- **EXERCISE**: Check every line of the entries for the string "distance" and return the ones that contain it.

:: GIVEN RECORDS ::

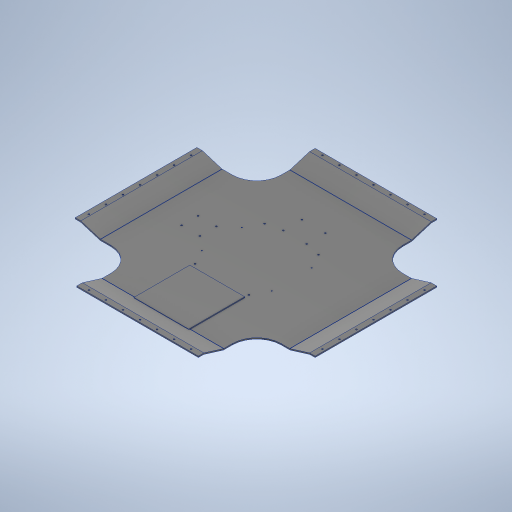
# Autodesk Inventor part: Swerve-Electronic-Plate
Saved by Autodesk Inventor 2024.2 (Build 282272000, 272)
## iProperties
Created: 2024-01-04
Part Number: Swerve-Electronic-Plate
Material: Aluminum 6061
Document SubType Name: Modeling
Designer: rohan
Density: 2.7 g/cm^3
Appearance: Aluminum - Flat
Author: rohan
Autodesk Inventor part; units mm, degrees
ref_plane "YZ Plane" through (0, 0, 0) normal (1, 0, 0) x (0, 1, 0)
ref_plane "XZ Plane" through (0, 0, 0) normal (0, 1, 0) x (-1, 0, 0)
ref_plane "XY Plane" through (0, 0, 0) normal (0, 0, 1) x (1, 0, 0)
sketch "Sketch6" plane through (0, 0, 0) normal (0, 1, 0) x (-1, 0, 0)
  line L0 (311.15, 311.15) -> (-311.15, 311.15)
  line L1 (-311.15, 311.15) -> (-311.15, -311.15)
  line L2 (-311.15, -311.15) -> (311.15, -311.15)
  line L3 (311.15, -311.15) -> (311.15, 311.15)
  line L4 (311.15, 311.15) -> (-311.15, -311.15) construction
  line L5 (-311.15, 311.15) -> (311.15, -311.15) construction
  point P0 (0, 0)
  dimension "d60" = 622.3
  dimension "d61" = 622.3
  constraints: 12 end point, 2 midpoint, 2 parallel, 1 horizontal, 1 perpendicular
  measures "d60" distance of L2.end L1.end
  measures "d61" distance of L1.end L0.end
extrude "Extrusion5" add sketch "Sketch6" along normal blind 3.175
sketch "Sketch7" plane through (0, 3.175, 0) normal (0, 1, 0) x (1, 0, 0)
  line L0 (311.15, -311.15) -> (311.15, 311.15) projected
  line L1 (311.15, 311.15) -> (-311.15, 311.15) projected
  line L2 (-311.15, 311.15) -> (-311.15, -311.15) projected
  line L3 (-311.15, -311.15) -> (311.15, -311.15) projected
  line L4 (-298.45, -298.45) -> (-298.45, 298.45)
  line L5 (-298.45, 298.45) -> (298.45, 298.45)
  line L6 (298.45, 298.45) -> (298.45, -298.45)
  line L7 (298.45, -298.45) -> (-298.45, -298.45)
  line L8 (0, -298.45) -> (0, -311.15)
  circle A0 centre (0, -304.8) radius 1.9939
  circle A1 centre (44.45, -304.8) radius 1.9939
  circle A2 centre (88.9, -304.8) radius 1.9939
  circle A3 centre (133.35, -304.8) radius 1.9939
  circle A4 centre (-44.45, -304.8) radius 1.9939
  circle A5 centre (0, -304.8) radius 1.9939
  circle A6 centre (44.45, -304.8) radius 1.9939
  circle A7 centre (88.9, -304.8) radius 1.9939
  circle A8 centre (-88.9, -304.8) radius 1.9939
  circle A9 centre (-44.45, -304.8) radius 1.9939
  circle A10 centre (0, -304.8) radius 1.9939
  circle A11 centre (44.45, -304.8) radius 1.9939
  circle A12 centre (-133.35, -304.8) radius 1.9939
  circle A13 centre (-88.9, -304.8) radius 1.9939
  circle A14 centre (-44.45, -304.8) radius 1.9939
  circle A15 centre (0, -304.8) radius 1.9939
  line L9 (-413.2249, 0) -> (395.3055, 0)
  line L10 (298.45, 298.45) -> (-298.45, 298.45)
  line L11 (0, 298.45) -> (0, 311.15)
  circle A16 centre (0, 304.8) radius 1.9939
  circle A17 centre (44.45, 304.8) radius 1.9939
  circle A18 centre (88.9, 304.8) radius 1.9939
  circle A19 centre (133.35, 304.8) radius 1.9939
  circle A20 centre (-44.45, 304.8) radius 1.9939
  circle A21 centre (0, 304.8) radius 1.9939
  circle A22 centre (44.45, 304.8) radius 1.9939
  circle A23 centre (88.9, 304.8) radius 1.9939
  circle A24 centre (-88.9, 304.8) radius 1.9939
  circle A25 centre (-44.45, 304.8) radius 1.9939
  circle A26 centre (0, 304.8) radius 1.9939
  circle A27 centre (44.45, 304.8) radius 1.9939
  circle A28 centre (-133.35, 304.8) radius 1.9939
  circle A29 centre (-88.9, 304.8) radius 1.9939
  circle A30 centre (-44.45, 304.8) radius 1.9939
  circle A31 centre (0, 304.8) radius 1.9939
  line L12 (-311.15, 0) -> (-298.45, 0)
  circle A32 centre (-304.8, 0) radius 1.9939
  circle A33 centre (-304.8, -44.45) radius 1.9939
  circle A34 centre (-304.8, -88.9) radius 1.9939
  circle A35 centre (-304.8, -133.35) radius 1.9939
  circle A36 centre (-304.8, 44.45) radius 1.9939
  circle A37 centre (-304.8, 0) radius 1.9939
  circle A38 centre (-304.8, -44.45) radius 1.9939
  circle A39 centre (-304.8, -88.9) radius 1.9939
  circle A40 centre (-304.8, 88.9) radius 1.9939
  circle A41 centre (-304.8, 44.45) radius 1.9939
  circle A42 centre (-304.8, 0) radius 1.9939
  circle A43 centre (-304.8, -44.45) radius 1.9939
  circle A44 centre (-304.8, 133.35) radius 1.9939
  circle A45 centre (-304.8, 88.9) radius 1.9939
  circle A46 centre (-304.8, 44.45) radius 1.9939
  circle A47 centre (-304.8, 0) radius 1.9939
  line L13 (0, 372.2506) -> (0, -355.6631)
  circle A48 centre (304.8, 0) radius 1.9939
  circle A49 centre (304.8, -44.45) radius 1.9939
  circle A50 centre (304.8, -88.9) radius 1.9939
  circle A51 centre (304.8, -133.35) radius 1.9939
  circle A52 centre (304.8, 44.45) radius 1.9939
  circle A53 centre (304.8, 0) radius 1.9939
  circle A54 centre (304.8, -44.45) radius 1.9939
  circle A55 centre (304.8, -88.9) radius 1.9939
  circle A56 centre (304.8, 88.9) radius 1.9939
  circle A57 centre (304.8, 44.45) radius 1.9939
  circle A58 centre (304.8, 0) radius 1.9939
  circle A59 centre (304.8, -44.45) radius 1.9939
  circle A60 centre (304.8, 133.35) radius 1.9939
  circle A61 centre (304.8, 88.9) radius 1.9939
  circle A62 centre (304.8, 44.45) radius 1.9939
  circle A63 centre (304.8, 0) radius 1.9939
  point P0 (0, 0)
  dimension "d64" = 12.7
  dimension "d65" = 3.9878
  dimension "d68" = 44.45
  dimension "d71" = 44.45
  dimension "d74" = 3.9878
  dimension "d77" = 44.45
  dimension "d80" = 44.45
  constraints: 64 centre point, 34 symmetric about line, 20 end point, 6 midpoint, 3 horizontal, 2 point on line, 2 vertical, 1 perpendicular, 95 other
  measures "d64" distance between parallel lines of L2 L4
  measures "d65" diameter of A0
  measures "d68" distance of A0.centre A1.centre
  measures "d71" distance of A0.centre A4.centre
  measures "d74" diameter of A32
  measures "d77" distance of A32.centre A33.centre
  measures "d80" distance of A32.centre A36.centre
extrude "Extrusion6" cut sketch "Sketch7" against normal blind 3.175 contours A48 L9 | L9 A48 | A0 L8 | L8 A0 | A16 L11 | L11 A16 | A32 L9 | L9 A32 | A1 | A2 | A3 | A4 | A8 | A12 | A17 | A18 | A19 | A20 | A24 | A28 | A33 | A34 | A35 | A36 | A40 | A44 | A49 | A50 | A51 | A52 | A56 | A60
sketch "Sketch8" plane through (0, 3.175, 0) normal (0, 1, 0) x (1, 0, 0)
  line L0 (-311.15, 311.15) -> (-311.15, -311.15) projected
  circle A0 centre (-304.8, 88.9) radius 1.9939 projected
  circle A1 centre (-304.8, -133.35) radius 1.9939 projected
  circle A2 centre (0, -304.8) radius 1.9939 projected
  circle A3 centre (304.8, -133.35) radius 1.9939 projected
  circle A4 centre (304.8, 44.45) radius 1.9939 projected
  circle A5 centre (88.9, 304.8) radius 1.9939 projected
  circle A6 centre (-88.9, 304.8) radius 1.9939 projected
  circle A7 centre (-44.45, 304.8) radius 1.9939 projected
  circle A8 centre (133.35, 304.8) radius 1.9939 projected
  circle A9 centre (304.8, 0) radius 1.9939 projected
  circle A10 centre (133.35, -304.8) radius 1.9939 projected
  circle A11 centre (-44.45, -304.8) radius 1.9939 projected
  circle A12 centre (-304.8, -88.9) radius 1.9939 projected
  circle A13 centre (-304.8, 133.35) radius 1.9939 projected
  circle A14 centre (-304.8, 44.45) radius 1.9939 projected
  circle A15 centre (-133.35, -304.8) radius 1.9939 projected
  circle A16 centre (44.45, -304.8) radius 1.9939 projected
  circle A17 centre (304.8, -88.9) radius 1.9939 projected
  circle A18 centre (304.8, 88.9) radius 1.9939 projected
  circle A19 centre (44.45, 304.8) radius 1.9939 projected
  circle A20 centre (-133.35, 304.8) radius 1.9939 projected
  circle A21 centre (0, 304.8) radius 1.9939 projected
  circle A22 centre (304.8, 133.35) radius 1.9939 projected
  circle A23 centre (304.8, -44.45) radius 1.9939 projected
  circle A24 centre (88.9, -304.8) radius 1.9939 projected
  circle A25 centre (-88.9, -304.8) radius 1.9939 projected
  circle A26 centre (-304.8, -44.45) radius 1.9939 projected
  circle A27 centre (-304.8, 0) radius 1.9939 projected
  line L1 (311.15, -311.15) -> (311.15, 311.15) projected
  line L2 (311.15, 311.15) -> (-311.15, 311.15) projected
  line L3 (-311.15, 311.15) -> (-311.15, -311.15) projected
  line L4 (-311.15, -311.15) -> (311.15, -311.15) projected
  line L5 (311.15, 311.15) -> (-311.15, 311.15) projected
  line L6 (-158.75, 311.15) -> (-158.75, 222.25)
  line L7 (-222.25, 158.75) -> (-311.15, 158.75)
  line L8 (-311.15, -158.75) -> (-222.25, -158.75)
  line L9 (-158.75, -222.25) -> (-158.75, -311.15)
  line L10 (158.75, 311.15) -> (158.75, 222.25)
  line L11 (222.25, 158.75) -> (311.15, 158.75)
  line L12 (158.75, -311.15) -> (158.75, -222.25)
  line L13 (222.25, -158.75) -> (311.15, -158.75)
  arc A28 (-222.25, 158.75) -> (-158.75, 222.25) centre (-222.25, 222.25) ccw
  arc A29 (158.75, 222.25) -> (222.25, 158.75) centre (222.25, 222.25) ccw
  arc A30 (222.25, -158.75) -> (158.75, -222.25) centre (222.25, -222.25) ccw
  arc A31 (-158.75, -222.25) -> (-222.25, -158.75) centre (-222.25, -222.25) ccw
  point P0 (0, 0)
  point P1 (-311.15, 0)
  point P2 (0, 311.15)
  point P3 (-158.75, 158.75)
  point P4 (-158.75, -158.75)
  point P5 (158.75, 158.75)
  point P6 (0, -311.15)
  point P7 (158.75, -158.75)
  dimension "d93" = 63.5
  constraints: 18 point on line, 16 end point, 8 point on circle, 8 tangent, 4 centre point, 3 equal radius, 3 midpoint, 2 parallel, 2 perpendicular, 2 vertical
  measures "d93" radius of A28
extrude "Extrusion8" cut sketch "Sketch8" against normal blind 61.9125 contours L2 L6 A28 L7 L0 | L8 A31 L9 L4 L0 | L2 L1 L11 A29 L10 | L12 A30 L13 L1 L4
sketch "Sketch17" plane through (158.75, 3.175, 311.15) normal (1, 0, 0) x (0, 0, -1)
  line L0 (88.9, -3.175) -> (0, -3.175) projected
  line L1 (88.9, -3.175) -> (0, -3.175) projected
  line L2 (88.9, 0) -> (88.9, -3.175) projected
  line L3 (0, 0) -> (88.9, 0) projected
  line L4 (0, -3.175) -> (0, 0) projected
  line L5 (622.3, -3.175) -> (533.4, -3.175) projected
  line L6 (622.3, 0) -> (622.3, -3.175) projected
  line L7 (533.4, 0) -> (622.3, 0) projected
  line L8 (533.4, 0) -> (533.4, -3.175) projected
  line L9 (4.3561, 0) -> (8.3439, 0) projected
  line L10 (0, 12.7) -> (13.97, 12.7)
  line L11 (13.97, 12.7) -> (55.1332, 0)
  line L12 (152.4, 0) -> (469.9, 0) projected
  line L13 (311.15, 0) -> (311.15, 175.4287)
  line L14 (622.3, 12.7) -> (608.33, 12.7)
  line L15 (608.33, 12.7) -> (567.1668, 0)
  line L16 (56.0693, 3.0339) -> (14.4487, 15.875)
  line L17 (14.4487, 15.875) -> (0, 15.875)
  line L18 (51.3204, 4.499) -> (65.9027, 0)
  line L19 (0, 12.7) -> (0, 15.875)
  line L20 (622.3, 12.7) -> (608.33, 12.7)
  line L21 (608.33, 12.7) -> (567.1668, 0)
  line L22 (566.2307, 3.0339) -> (607.8513, 15.875)
  line L23 (607.8513, 15.875) -> (622.3, 15.875)
  line L24 (570.9796, 4.499) -> (556.3973, 0)
  line L25 (622.3, 12.7) -> (622.3, 15.875)
  point P0 (311.15, -3.175)
  point P1 (567.1668, 0)
  point P2 (56.0693, 3.0339)
  dimension "d150" = 13.97
  dimension "d151" = 13.97
  dimension "d152" = 3.175
  dimension "d153" = 12.7
  constraints: 30 end point, 8 symmetric about line, 6 point on line, 1 midpoint, 1 perpendicular, 1 vertical
  measures "d150" distance of L10.start L10.end
  measures "d151" distance of L14.start L15.start
  measures "d152" distance between parallel lines of L11 L16
  measures "d153" distance of L3.start L10.start
extrude "Extrusion17" add sketch "Sketch17" against normal up to surface (317.5 mm away) contours L3 L11 L10 L19 L17 L16 L18 | L7 L24 L22 L23 L25 L14 L15
sketch "Sketch18" plane through (311.15, 3.175, -158.75) normal (0, 0, -1) x (-1, 0, 0)
  line L0 (88.9, -3.175) -> (0, -3.175) projected
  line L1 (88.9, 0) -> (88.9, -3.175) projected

:::

- **EXERCISE OUTPUT**:
  measures "d60" distance of L2.end L1.end
  measures "d61" distance of L1.end L0.end
  measures "d64" distance between parallel lines of L2 L4
  measures "d68" distance of A0.centre A1.centre
  measures "d71" distance of A0.centre A4.centre
  measures "d77" distance of A32.centre A33.centre
  measures "d80" distance of A32.centre A36.centre
  measures "d150" distance of L10.start L10.end
  measures "d151" distance of L14.start L15.start
  measures "d152" distance between parallel lines of L11 L16
  measures "d153" distance of L3.start L10.start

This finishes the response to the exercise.